# Updated Carbon Fork Installation Info from Trek



## addctd2adrnlne (May 6, 2010)

Heads up if you have a carbon steerer and want to cut it yourself.

I was looking through the forums over her on roadbikereview for the first time and came across a thread on someone asking for advice on cutting their steerer which reminded me of a tech bulletin on Trek's dealer site that I read recently while I was at work. The tech bulletin is from 04/29/10.

This bulletin is for all Trek, Bontrager, and Gary Fisher forks with CARBON steerers. Sorry for the amount of text, but I thought it would be wise to include all the info. Since its on the dealer website, I can't simply post a link for people to go. 

If there is a way to post a PDF on this forum, let me know and I will post the Trek PDF.


_Updated installation procedures for stems on carbon steerers

Modern bicycles use high-tech materials and designs that rely on correct maintenance, precision workmanship, and compatibility of the parts. Mechanics must continue to learn the new procedures and requirements of these new bicycles. Incorrect mechanical work on a bicycle could lead to damage or breakage of a part, which could cause a fall and lead to serious injury or death. This bulletin includes information from an August 2009 Bontrager service bulletin, the Trek and Fisher bicycle owner’s manuals, 2010 Madone and Cronus assembly manuals, and new information.

Below the stem on all steerers
Always place at least one 5mm spacer below the stem. This spacer is in addition to the bearing cover (Figure 1), which must be at least 5mm. If the stem rests against the bearing cover, a point load is created on the steerer that could eventually cause the steerer to break. 

Above the stem on carbon fiber steerers
With a carbon steerer, always place at least one 5mm spacer above the stem (Figure 2). A stem placed right at the top of the steerer can put too much force on the unsupported cut edge of the steerer, possibly crushing the steerer.

Tightening clamp bolts
When tightening clamp bolts on a carbon steerer or other carbon part, you must use a torque wrench. Gradually tighten each steerer clamp bolt, alternating back and forth in small increments, until both bolts are at the correct torque. Use a similar method wherever there are multiple clamp bolts. Do not tighten one all the way before tightening the other, and do not leave the bolts with unequal torque.

Compatibility with all steerers
Make sure the stem clamp is designed correctly and is free of burrs. Correct design requires that the clamp is circumferential (closes in a circle); never use a wedge-type clamp. Also make sure the clamp bolts are tangential to the steerer (Figure 3). Angled clamp bolts can cause a point load along the clamp. 

Clamp edges should be smooth and slightly rounded. If a stem has a sharp or burred edge, sliding it onto the steerer could scratch or cut the carbon fibers, which can weaken the steerer..
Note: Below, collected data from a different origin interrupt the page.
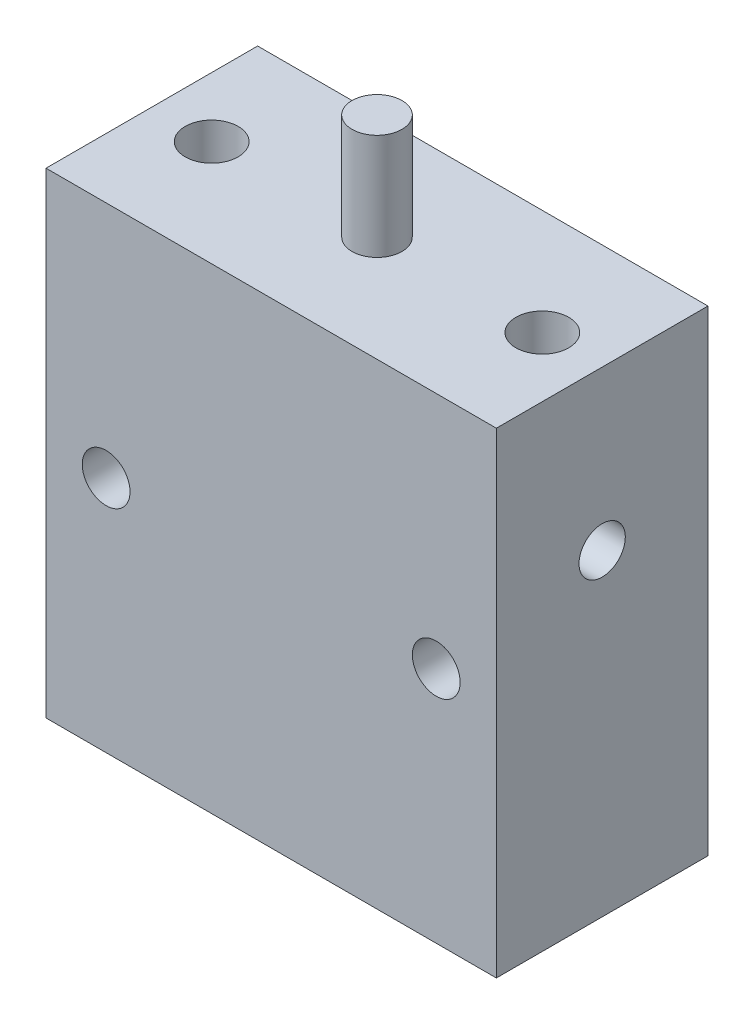
ISO-10303-21;
HEADER;
FILE_DESCRIPTION(('STEP AP214'),'2;1');
FILE_NAME('part.step','',(''),(''),'','','');
FILE_SCHEMA(('AUTOMOTIVE_DESIGN { 1 0 10303 214 1 1 1 1 }'));
ENDSEC;
DATA;
#1=APPLICATION_CONTEXT('core data for automotive mechanical design processes');
#2=APPLICATION_PROTOCOL_DEFINITION('international standard','automotive_design',2000,#1);
#3=PRODUCT_CONTEXT('',#1,'mechanical');
#4=PRODUCT('Part','Part','',(#3));
#5=PRODUCT_RELATED_PRODUCT_CATEGORY('part','',(#4));
#6=PRODUCT_DEFINITION_FORMATION('','',#4);
#7=PRODUCT_DEFINITION_CONTEXT('part definition',#1,'design');
#8=PRODUCT_DEFINITION('design','',#6,#7);
#9=PRODUCT_DEFINITION_SHAPE('','',#8);
#10=(LENGTH_UNIT() NAMED_UNIT(*) SI_UNIT(.MILLI.,.METRE.));
#11=(NAMED_UNIT(*) PLANE_ANGLE_UNIT() SI_UNIT($,.RADIAN.));
#12=(NAMED_UNIT(*) SI_UNIT($,.STERADIAN.) SOLID_ANGLE_UNIT());
#13=UNCERTAINTY_MEASURE_WITH_UNIT(LENGTH_MEASURE(1.E-05),#10,'distance_accuracy_value','');
#14=(GEOMETRIC_REPRESENTATION_CONTEXT(3) GLOBAL_UNCERTAINTY_ASSIGNED_CONTEXT((#13)) GLOBAL_UNIT_ASSIGNED_CONTEXT((#10,
#11,#12)) REPRESENTATION_CONTEXT('',''));
#15=CARTESIAN_POINT('',(0.,0.,0.));
#16=DIRECTION('',(0.,0.,1.));
#17=DIRECTION('',(1.,0.,0.));
#18=AXIS2_PLACEMENT_3D('',#15,#16,#17);
#19=CARTESIAN_POINT('',(-13.5128,38.5572,6.35));
#20=DIRECTION('',(1.,0.,0.));
#21=DIRECTION('',(0.,1.,0.));
#22=AXIS2_PLACEMENT_3D('',#19,#20,#21);
#23=PLANE('',#22);
#24=DIRECTION('',(0.,0.,-1.));
#25=VECTOR('',#24,1.);
#26=CARTESIAN_POINT('',(-13.5128,38.5572,6.35));
#27=LINE('',#26,#25);
#28=CARTESIAN_POINT('',(-13.5128,38.5572,6.35));
#29=VERTEX_POINT('',#28);
#30=CARTESIAN_POINT('',(-13.5128,38.5572,-6.35));
#31=VERTEX_POINT('',#30);
#32=EDGE_CURVE('E420',#29,#31,#27,.T.);
#33=ORIENTED_EDGE('',*,*,#32,.T.);
#34=DIRECTION('',(0.,-1.,0.));
#35=VECTOR('',#34,1.);
#36=CARTESIAN_POINT('',(-13.5128,38.5572,-6.35));
#37=LINE('',#36,#35);
#38=CARTESIAN_POINT('',(-13.5128,9.9822,-6.35));
#39=VERTEX_POINT('',#38);
#40=EDGE_CURVE('E414',#31,#39,#37,.T.);
#41=ORIENTED_EDGE('',*,*,#40,.T.);
#42=DIRECTION('',(0.,0.,-1.));
#43=VECTOR('',#42,1.);
#44=CARTESIAN_POINT('',(-13.5128,9.9822,6.35));
#45=LINE('',#44,#43);
#46=CARTESIAN_POINT('',(-13.5128,9.9822,6.35));
#47=VERTEX_POINT('',#46);
#48=EDGE_CURVE('E367',#47,#39,#45,.T.);
#49=ORIENTED_EDGE('',*,*,#48,.F.);
#50=DIRECTION('',(0.,-1.,0.));
#51=VECTOR('',#50,1.);
#52=CARTESIAN_POINT('',(-13.5128,38.5572,6.35));
#53=LINE('',#52,#51);
#54=EDGE_CURVE('E437',#29,#47,#53,.T.);
#55=ORIENTED_EDGE('',*,*,#54,.F.);
#56=EDGE_LOOP('',(#33,#41,#49,#55));
#57=FACE_BOUND('',#56,.T.);
#58=CARTESIAN_POINT('',(-13.5128,29.0322,0.));
#59=DIRECTION('',(1.,0.,0.));
#60=DIRECTION('',(0.,1.,0.));
#61=AXIS2_PLACEMENT_3D('',#58,#59,#60);
#62=CIRCLE('',#61,1.3890625);
#63=CARTESIAN_POINT('',(-13.5128,30.4212625,0.));
#64=VERTEX_POINT('',#63);
#65=EDGE_CURVE('E485',#64,#64,#62,.F.);
#66=ORIENTED_EDGE('',*,*,#65,.F.);
#67=EDGE_LOOP('',(#66));
#68=FACE_BOUND('',#67,.T.);
#69=ADVANCED_FACE('F360',(#57,#68),#23,.F.);
#70=CARTESIAN_POINT('',(13.5128,38.5572,6.35));
#71=DIRECTION('',(-1.,0.,0.));
#72=DIRECTION('',(0.,-1.,0.));
#73=AXIS2_PLACEMENT_3D('',#70,#71,#72);
#74=PLANE('',#73);
#75=DIRECTION('',(0.,0.,-1.));
#76=VECTOR('',#75,1.);
#77=CARTESIAN_POINT('',(13.5128,9.9822,6.35));
#78=LINE('',#77,#76);
#79=CARTESIAN_POINT('',(13.5128,9.9822,6.35));
#80=VERTEX_POINT('',#79);
#81=CARTESIAN_POINT('',(13.5128,9.9822,-6.35));
#82=VERTEX_POINT('',#81);
#83=EDGE_CURVE('E408',#80,#82,#78,.T.);
#84=ORIENTED_EDGE('',*,*,#83,.T.);
#85=DIRECTION('',(0.,1.,0.));
#86=VECTOR('',#85,1.);
#87=CARTESIAN_POINT('',(13.5128,38.5572,-6.35));
#88=LINE('',#87,#86);
#89=CARTESIAN_POINT('',(13.5128,38.5572,-6.35));
#90=VERTEX_POINT('',#89);
#91=EDGE_CURVE('E417',#82,#90,#88,.T.);
#92=ORIENTED_EDGE('',*,*,#91,.T.);
#93=DIRECTION('',(0.,0.,-1.));
#94=VECTOR('',#93,1.);
#95=CARTESIAN_POINT('',(13.5128,38.5572,6.35));
#96=LINE('',#95,#94);
#97=CARTESIAN_POINT('',(13.5128,38.5572,6.35));
#98=VERTEX_POINT('',#97);
#99=EDGE_CURVE('E443',#98,#90,#96,.T.);
#100=ORIENTED_EDGE('',*,*,#99,.F.);
#101=DIRECTION('',(0.,1.,0.));
#102=VECTOR('',#101,1.);
#103=CARTESIAN_POINT('',(13.5128,38.5572,6.35));
#104=LINE('',#103,#102);
#105=EDGE_CURVE('E379',#80,#98,#104,.T.);
#106=ORIENTED_EDGE('',*,*,#105,.F.);
#107=EDGE_LOOP('',(#84,#92,#100,#106));
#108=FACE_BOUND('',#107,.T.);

Compatibility with carbon steerers
With a carbon steerer, do not use a star-fangled nut; use only the compression nut assembly supplied with the fork. A star-fangled nut can scratch or cut carbon fibers, which can weaken the steerer.

With a carbon steerer, avoid any stem with cutaways or holes in the back of the steerer clamp (Figure 4). For contrast, the stem in Figure 5 does not have a cutaway. Also avoid any stem that has a lightening hole (Figure 5) that is less than 15mm from the top or the bottom of the stem. Inadequate clamping surface area can cause a point load, which can crush a carbon steerer. With a carbon steerer, never use a stem with clamp bolts that require more than 55 lb•in (6 Nm) torque. Excessive torque can crush a carbon steerer._


----------



## RacerOne (Aug 17, 2009)

I suspect this was in reply to my post.. thanks for the heads-up.. luckily, I did all of these things anyway.


----------



## zac (Aug 5, 2005)

If you want PM me and email the PDF, I can post it.

I was unaware of the spacer above the bearing cap spacer. I have a 15mm cap, so I will try to get a narrower cap and add a spacer above it. 

Thanks
zac


----------